Movie Reviews by Edwin Jahiel

Interpreter, The (2005) **

Directed by Sydney Pollack. Written by Charles Randolph, Scott Frank, Steven Zeillian from a story by Matin Stellman & Brian Ward, Photography, Darius Khondji. Ediing, William Steinkamp. Production design, John Hutman. Music, James Newton Howard, Producers, Tim Bevan, Eric Fellner, Kevin Misher. A Universal Pictures release. 123 minutes, PG-13 CAST: Nicole Kidman (Silvia Broome), Sean Penn (Tobin Keller), Catherine Keener (Dot Woods), Jesper Christensen( Nils Lud), Yvan Attal (Philippe), Earl Cameron (President Zuwanie), George Harris (Kuman-Kuman), et al.

How sad to be unable to give Sydney Pollack a very high rating. He is certainly one of our top –and simpatico --filmmakers. His 27 or so features include –in haphazard order--Havana, Out of Africa, Tootsie, Three Days of the Condor, Jeremiah Johnson, The Way We Were, They Shoot Horses: Don't They?, and more admirable works, many of them starring Robert Redford. He has been and is a first-rate actor, producer and much else in cinema.

The political thriller "The Interpreter" is full of good intentions, but good intentions do not a superior movie make. Or a "clear and clean" one, like those of Alfred ("The King") Hitchcock, aka The Man Who Knew so Much about films and managed so well to weave his threads in perfect ways.

Hitchcock comes to mind her because, for his superb "North by Northwest" he tried, in vain, to get a permission to shoot some scenes –just a few—in the United Nations Building. Pollack however did get the authorization, the first one ever, and shot many scenes. (That accomplishment by itself ought to make a fascinating documentary.)

The plot –in its broadest depiction. Silvia (Nicole Kidman) born in the (imaginary) African country of Matobo where she grew up and where her father, mother (farmers) and sister were killed by a mine. Silvia got a fine education (where? No idea. Europe?), was a polyglot, also a rifle-carrying member of some sort of resistence (very unclear) at some point (which?), and (skipping the murkiness) ended up as a UN simultaneous translator for Ku (or Khu?), the language of Matobo.

At the UN, one night after closing time, Silvia returns to her office , to pick up some stuff (including her flute. No kiddin) she had left behind. And (magically) she overhears people talking about killing Matobo’s President Edmond Zuwani. How easy it is to circulate in the armed-to-the-teeth UN building after hours raises one’s eyebrows at least three inches. Ditto for the captured conversation.

To make things muddier, President Zuwani, originally a fine libertarian, long ago turned into a reactionary tyrant.

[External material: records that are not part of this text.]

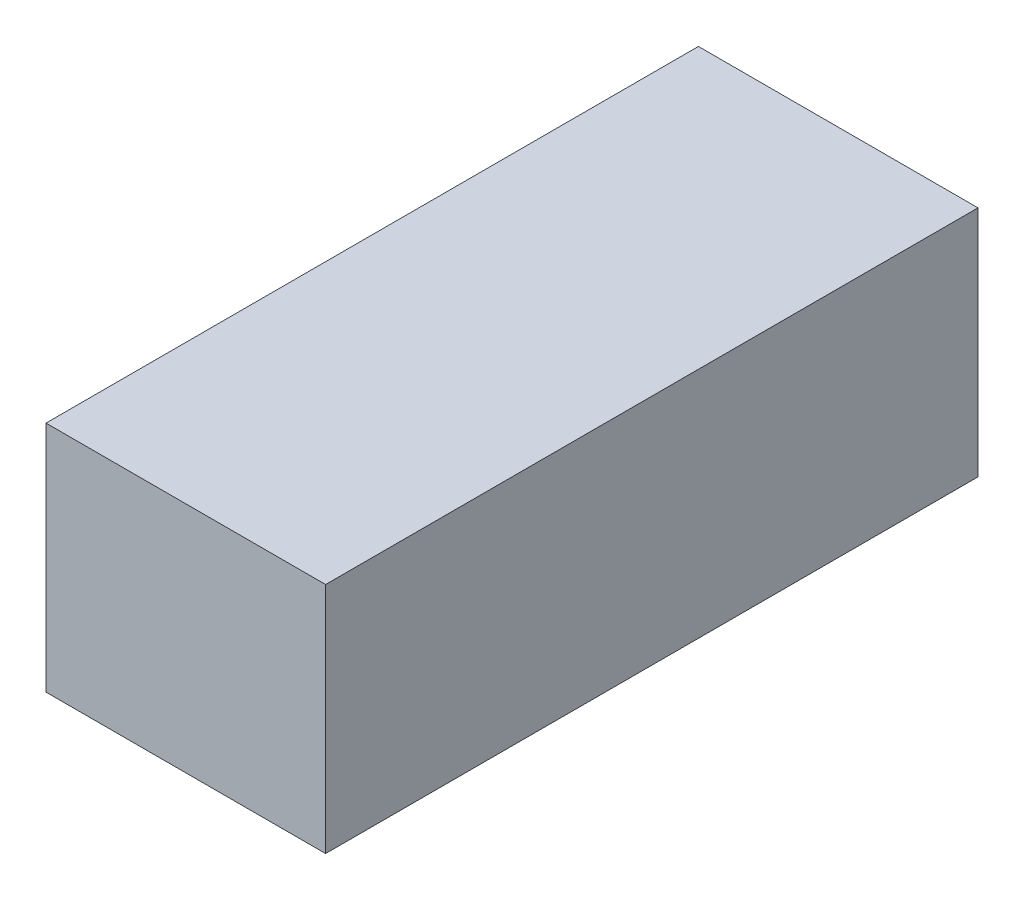
SolidWorks part; units mm, degrees
ref_plane "前视基准面" through (0, 0, 0) normal (0, 0, 1) x (1, 0, 0)
ref_plane "上视基准面" through (0, 0, 0) normal (0, 1, 0) x (1, 0, 0)
ref_plane "右视基准面" through (0, 0, 0) normal (1, 0, 0) x (0, 0, -1)
sketch "草图1" plane through (0, 0, 0) normal (0, 0, 1) x (1, 0, 0)
  line L1 (0, 0) -> (18, 0)
  line L2 (0, 0) -> (0, -15)
  line L3 (0, -15) -> (18, -15)
  line L4 (18, 0) -> (18, -15)
  dimension "D1" = 18
  dimension "D2" = 15
extrude "凸台-拉伸1" add sketch "草图1" along normal blind 42
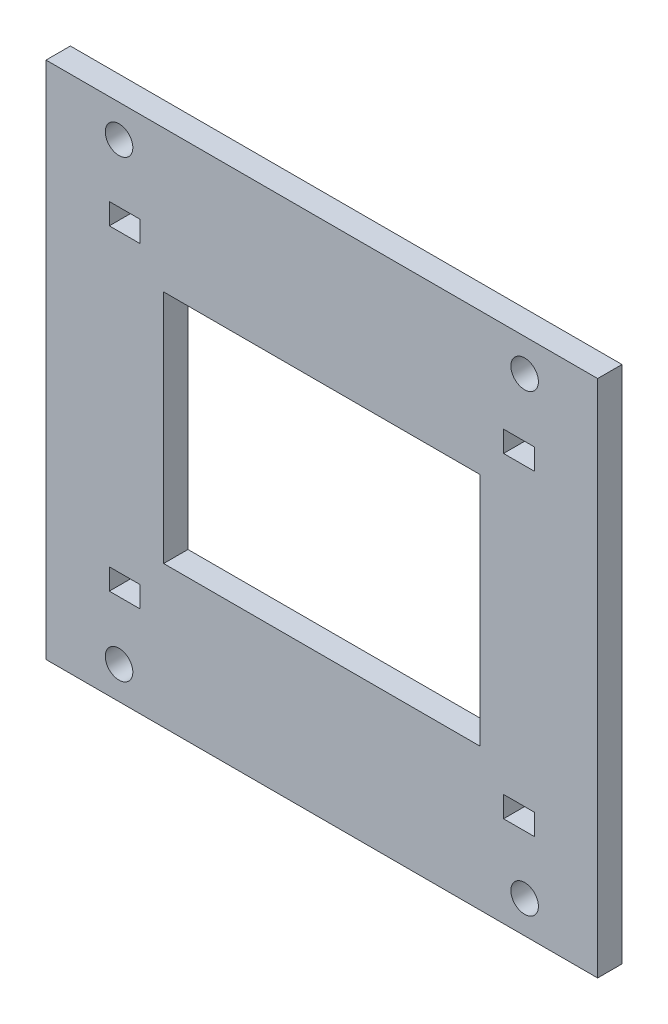
SolidWorks part; units mm, degrees
ref_plane "前视基准面" through (0, 0, 0) normal (0, 0, 1) x (1, 0, 0)
ref_plane "上视基准面" through (0, 0, 0) normal (0, 1, 0) x (1, 0, 0)
ref_plane "右视基准面" through (0, 0, 0) normal (1, 0, 0) x (0, 0, -1)
other "Configuration Table"
sketch "草图1" plane through (0, 0, 0) normal (0, 0, 1) x (1, 0, 0)
  line L0 (-34, -32) -> (34, -32)
  line L1 (34, -32) -> (34, 32)
  line L2 (34, 32) -> (-34, 32)
  line L3 (-34, 32) -> (-34, -32)
extrude "Board_mount_base" add sketch "草图1" along normal blind 3 from offset 0
sketch "草图2" plane through (0, 0, 0) normal (0, 0, 1) x (1, 0, 0)
  line L0 (-19.5, -14.5) -> (19.5, -14.5)
  line L1 (19.5, -14.5) -> (19.5, 14.5)
  line L2 (19.5, 14.5) -> (-19.5, 14.5)
  line L3 (-19.5, 14.5) -> (-19.5, -14.5)
extrude "Solder_and_connector_opening" cut sketch "草图2" along normal blind 3.2 from offset 0.1
sketch "草图3" plane through (0, 0, 0) normal (0, 0, 1) x (1, 0, 0)
  line L0 (-26.2, -20.8) -> (-22.4, -20.8)
  line L1 (-22.4, -20.8) -> (-22.4, -18.2)
  line L2 (-22.4, -18.2) -> (-26.2, -18.2)
  line L3 (-26.2, -18.2) -> (-26.2, -20.8)
  line L4 (-26.2, 18.2) -> (-22.4, 18.2)
  line L5 (-22.4, 18.2) -> (-22.4, 20.8)
  line L6 (-22.4, 20.8) -> (-26.2, 20.8)
  line L7 (-26.2, 20.8) -> (-26.2, 18.2)
  line L8 (22.4, -20.8) -> (26.2, -20.8)
  line L9 (26.2, -20.8) -> (26.2, -18.2)
  line L10 (26.2, -18.2) -> (22.4, -18.2)
  line L11 (22.4, -18.2) -> (22.4, -20.8)
  line L12 (22.4, 18.2) -> (26.2, 18.2)
  line L13 (26.2, 18.2) -> (26.2, 20.8)
  line L14 (26.2, 20.8) -> (22.4, 20.8)
  line L15 (22.4, 20.8) -> (22.4, 18.2)
extrude "PCB_M2_slots_centres48p6x39" cut sketch "草图3" along normal blind 3.2 from offset 0.1
sketch "草图4" plane through (0, 0, 0) normal (0, 0, 1) x (1, 0, 0)
  circle A0 centre (-25, -28) radius 1.7
  circle A1 centre (-25, 28) radius 1.7
  circle A2 centre (25, -28) radius 1.7
  circle A3 centre (25, 28) radius 1.7
extrude "Deck_attachment_M3" cut sketch "草图4" along normal blind 3.2 from offset 0.1
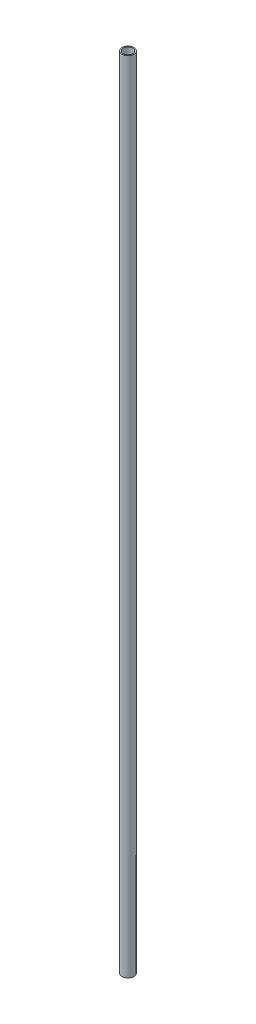
SolidWorks part; units mm, degrees
ref_plane "Front Plane" through (0, 0, 0) normal (0, 0, 1) x (1, 0, 0)
ref_plane "Top Plane" through (0, 0, 0) normal (0, 1, 0) x (1, 0, 0)
ref_plane "Right Plane" through (0, 0, 0) normal (1, 0, 0) x (0, 0, -1)
sketch "Sketch1" plane through (0, 0, 0) normal (0, 1, 0) x (1, 0, 0)
  circle A0 centre (0, 0) radius 7.5
  circle A1 centre (0, 0) radius 6
  dimension "D1" = 1.5
  dimension "D2" = 15
extrude "Boss-Extrude1" add sketch "Sketch1" along normal blind 1005
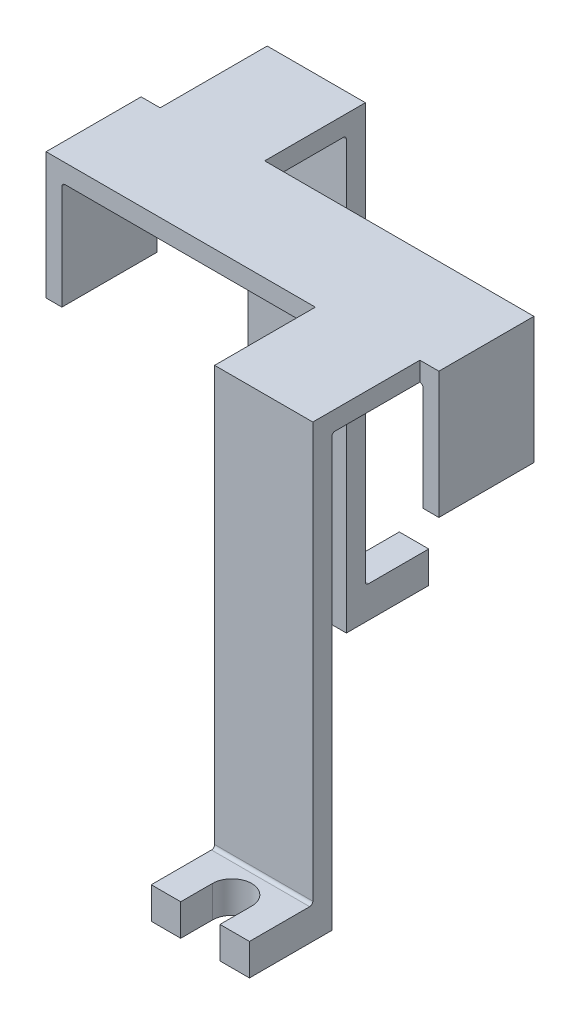
SolidWorks part; units mm, degrees
ref_plane "Alzado" through (0, 0, 0) normal (0, 0, 1) x (1, 0, 0)
ref_plane "Planta" through (0, 0, 0) normal (0, 1, 0) x (1, 0, 0)
ref_plane "Vista lateral" through (0, 0, 0) normal (1, 0, 0) x (0, 0, -1)
sketch "Croquis1" plane through (0, 0, 0) normal (0, 1, 0) x (1, 0, 0)
  line L1 (-28.1064, -8.1764) -> (11.3936, -8.1764)
  line L2 (-28.1064, -8.1764) -> (-28.1064, 6.8236)
  line L3 (-12.6064, 7.8236) -> (26.8936, 7.8236)
  line L4 (26.8936, -7.1764) -> (26.8936, 7.8236)
  line L5 (-28.1064, -8.1764) -> (26.8936, 7.8236) construction
  line L6 (-28.1064, 6.8236) -> (28.2727, -6.864) construction
  line L8 (-28.1064, 6.8236) -> (-28.1064, 23.7236)
  line L9 (-28.1064, 23.7236) -> (-12.6064, 23.7236)
  line L10 (-12.6064, 7.8236) -> (-12.6064, 23.7236)
  line L12 (26.8936, -7.1764) -> (26.8936, -24.0764)
  line L13 (26.8936, -24.0764) -> (11.3936, -24.0764)
  line L14 (11.3936, -8.1764) -> (11.3936, -24.0764)
  point P0 (0, 0)
  dimension "D1" = 55
  dimension "D2" = 47.8
  dimension "D3" = 15.5
  dimension "D4" = 15.5
  dimension "D5" = 16.9
  dimension "D6" = 16.9
  dimension "D7" = 26.8936
  dimension "D8" = 15
  dimension "D9" = 15
extrude "Saliente-Extruir1" add sketch "Croquis1" along normal blind 3
sketch "Croquis2" plane through (0, 3, 0) normal (0, 1, 0) x (1, 0, 0)
  line L0 (-28.1064, -8.1764) -> (11.3936, -8.1764) construction
  line L1 (26.8936, 7.8236) -> (29.8936, 7.8236)
  line L2 (26.8936, 7.8236) -> (26.8936, -7.1764)
  line L3 (26.8936, -7.1764) -> (29.8936, -7.1764)
  line L4 (29.8936, 7.8236) -> (29.8936, -7.1764)
  line L5 (-28.1064, -8.1764) -> (-31.1064, -8.1764)
  line L6 (-28.1064, -8.1764) -> (-28.1064, 6.8236)
  line L7 (-28.1064, 6.8236) -> (-31.1064, 6.8236)
  line L8 (-31.1064, -8.1764) -> (-31.1064, 6.8236)
  line L9 (-28.1064, -8.1764) -> (11.3936, -8.1764) construction
  line L10 (26.8936, 7.8236) -> (-12.6064, 7.8236) construction
  line L11 (26.8936, 7.8236) -> (-12.6064, 7.8236) construction
  dimension "D1" = 3
  dimension "D2" = 3
  dimension "D3" = 15
  dimension "D4" = 15
extrude "Saliente-Extruir2" add sketch "Croquis2" against normal blind 3
sketch "Croquis3" plane through (0, 0, 0) normal (0, -1, 0) x (1, 0, 0)
  line L0 (-28.1064, -6.8236) -> (-31.1064, -6.8236) construction
  line L1 (-31.1064, 8.1764) -> (-28.6064, 8.1764)
  line L2 (-31.1064, 8.1764) -> (-31.1064, -6.8236)
  line L3 (-31.1064, -6.8236) -> (-28.6064, -6.8236)
  line L4 (-28.6064, 8.1764) -> (-28.6064, -6.8236)
  line L5 (29.8936, -7.8236) -> (-12.6064, -7.8236) construction
  line L6 (29.8936, 7.1764) -> (27.3936, 7.1764)
  line L7 (29.8936, 7.1764) -> (29.8936, -7.8236)
  line L8 (29.8936, -7.8236) -> (27.3936, -7.8236)
  line L9 (27.3936, 7.1764) -> (27.3936, -7.8236)
  dimension "D1" = 2.5
  dimension "D2" = 2.5
extrude "Saliente-Extruir3" add sketch "Croquis3" along normal blind 17
sketch "Croquis4" plane through (0, 0, 0) normal (0, -1, 0) x (1, 0, 0)
  line L0 (-28.1064, -23.7236) -> (-28.1064, -6.8236) construction
  line L1 (-12.6064, -23.7236) -> (-28.1064, -23.7236)
  line L2 (-12.6064, -23.7236) -> (-12.6064, -20.7236)
  line L3 (-12.6064, -20.7236) -> (-28.1064, -20.7236)
  line L4 (-28.1064, -23.7236) -> (-28.1064, -20.7236)
  line L5 (26.8936, 24.0764) -> (26.8936, 7.1764) construction
  line L6 (11.3936, 24.0764) -> (26.8936, 24.0764)
  line L7 (11.3936, 24.0764) -> (11.3936, 21.0764)
  line L8 (11.3936, 21.0764) -> (26.8936, 21.0764)
  line L9 (26.8936, 24.0764) -> (26.8936, 21.0764)
  dimension "D1" = 3
  dimension "D2" = 3
extrude "Saliente-Extruir4" add sketch "Croquis4" along normal blind 68
sketch "Croquis5" plane through (0, 0, -23.7236) normal (0, 0, -1) x (-1, 0, 0)
  line L0 (28.1064, 3) -> (28.1064, -68) construction
  line L1 (12.6064, -68) -> (28.1064, -68)
  line L2 (12.6064, -68) -> (12.6064, -63)
  line L3 (12.6064, -63) -> (28.1064, -63)
  line L4 (28.1064, -68) -> (28.1064, -63)
  dimension "D1" = 5
extrude "Saliente-Extruir5" add sketch "Croquis5" along normal blind 10
sketch "Croquis6" plane through (0, 0, 24.0764) normal (0, 0, 1) x (1, 0, 0)
  line L0 (26.8936, 3) -> (26.8936, -68) construction
  line L1 (11.3936, -68) -> (26.8936, -68)
  line L2 (11.3936, -68) -> (11.3936, -63)
  line L3 (11.3936, -63) -> (26.8936, -63)
  line L4 (26.8936, -68) -> (26.8936, -63)
  dimension "D1" = 5
extrude "Saliente-Extruir6" add sketch "Croquis6" along normal blind 10
sketch "Croquis7" plane through (0, -63, 0) normal (0, 1, 0) x (1, 0, 0)
  line L0 (19.1436, -34.0764) -> (19.1436, -29.0764) construction
  line L1 (26.8936, -34.0764) -> (11.3936, -34.0764) construction
  line L2 (16.0436, -29.0764) -> (16.0436, -34.0764)
  line L3 (16.0436, -34.0764) -> (22.2436, -34.0764)
  line L4 (22.2436, -34.0764) -> (22.2436, -29.0764)
  arc A0 (22.2436, -29.0764) -> (16.0436, -29.0764) centre (19.1436, -29.0764) ccw
  dimension "D2" = 6.2
  dimension "D1" = 5
extrude "Cortar-Extruir1" cut sketch "Croquis7" against normal blind 10
sketch "Croquis8" plane through (0, -63, 0) normal (0, 1, 0) x (1, 0, 0)
  line L0 (-20.3564, 33.7236) -> (-20.3564, 28.7236) construction
  line L1 (-28.1064, 33.7236) -> (-12.6064, 33.7236) construction
  line L2 (-23.4564, 28.7236) -> (-23.4564, 33.7236)
  line L3 (-23.4564, 33.7236) -> (-17.2564, 33.7236)
  line L4 (-17.2564, 33.7236) -> (-17.2564, 28.7236)
  arc A0 (-23.4564, 28.7236) -> (-17.2564, 28.7236) centre (-20.3564, 28.7236) ccw
  dimension "D2" = 6.2
  dimension "D1" = 5
extrude "Cortar-Extruir2" cut sketch "Croquis8" against normal blind 10
fillet "Redondeo2" radius 0.5 6 edges at (19.1436, -63, 24.0764) (19.1436, 0, 21.0764) (27.3936, 0, -0.3236) (-28.6064, 0, 0.6764) (-20.3564, 0, -20.7236) (-20.3564, -63, -23.7236)

He is coming to the UN to explain how he will turn his country into a model democracy. Ho Hum!

Silvia contacts the American authorities. A mess of U.S. agencies get going. Her main contact –and protector—is agent (?) Tobin Keller (Sean Penn) who is a sad figure. We learn by bits that his wife (call her W) was having affairs right and left but always came back to him. At some point we learn, in diffuse ways, that this time, W won’t come back for the simple reason that with her latest lover she died in a car crash.

Mercifully, I shall stop. The story gets thicker than baked beans and harder to understand than one’s Income Tax. There’s much brooding, mysterious phone calls and meetings, car-traffic (oddly silent), chasing and spying galore, muddled and remuddled parts that refuse to coalesce, flute-playing, frightening faces pressed against the window in Kidman’s apartment, her trusty scooter, etc. Also two groups of anti-President Zuwani ‘s haters Matoboan exiles in New York, groups that apparently also want to destroy one another, a bus in which the two factions (I think) are riding and which is made to explode… I could go on and on –and then some.

Hitchcock knew how to use Santa Simplicitas (Holy Simplicity). This flick only knows puzzling, confusing and messing matters up, and throwing in more characters than we can digest. Granted, there are many well-shot passages (thanks to cinematographer Khondji) and sights, sites and images that grip you. Granted that the old cliché that would have Kidman and Penn fall in love (or at least, in bed) is avoided. Still this humongous salad is not digestible. And that’s putting it mildly. To make any bits of sense out of the flick, what’s needed is an Interpreter.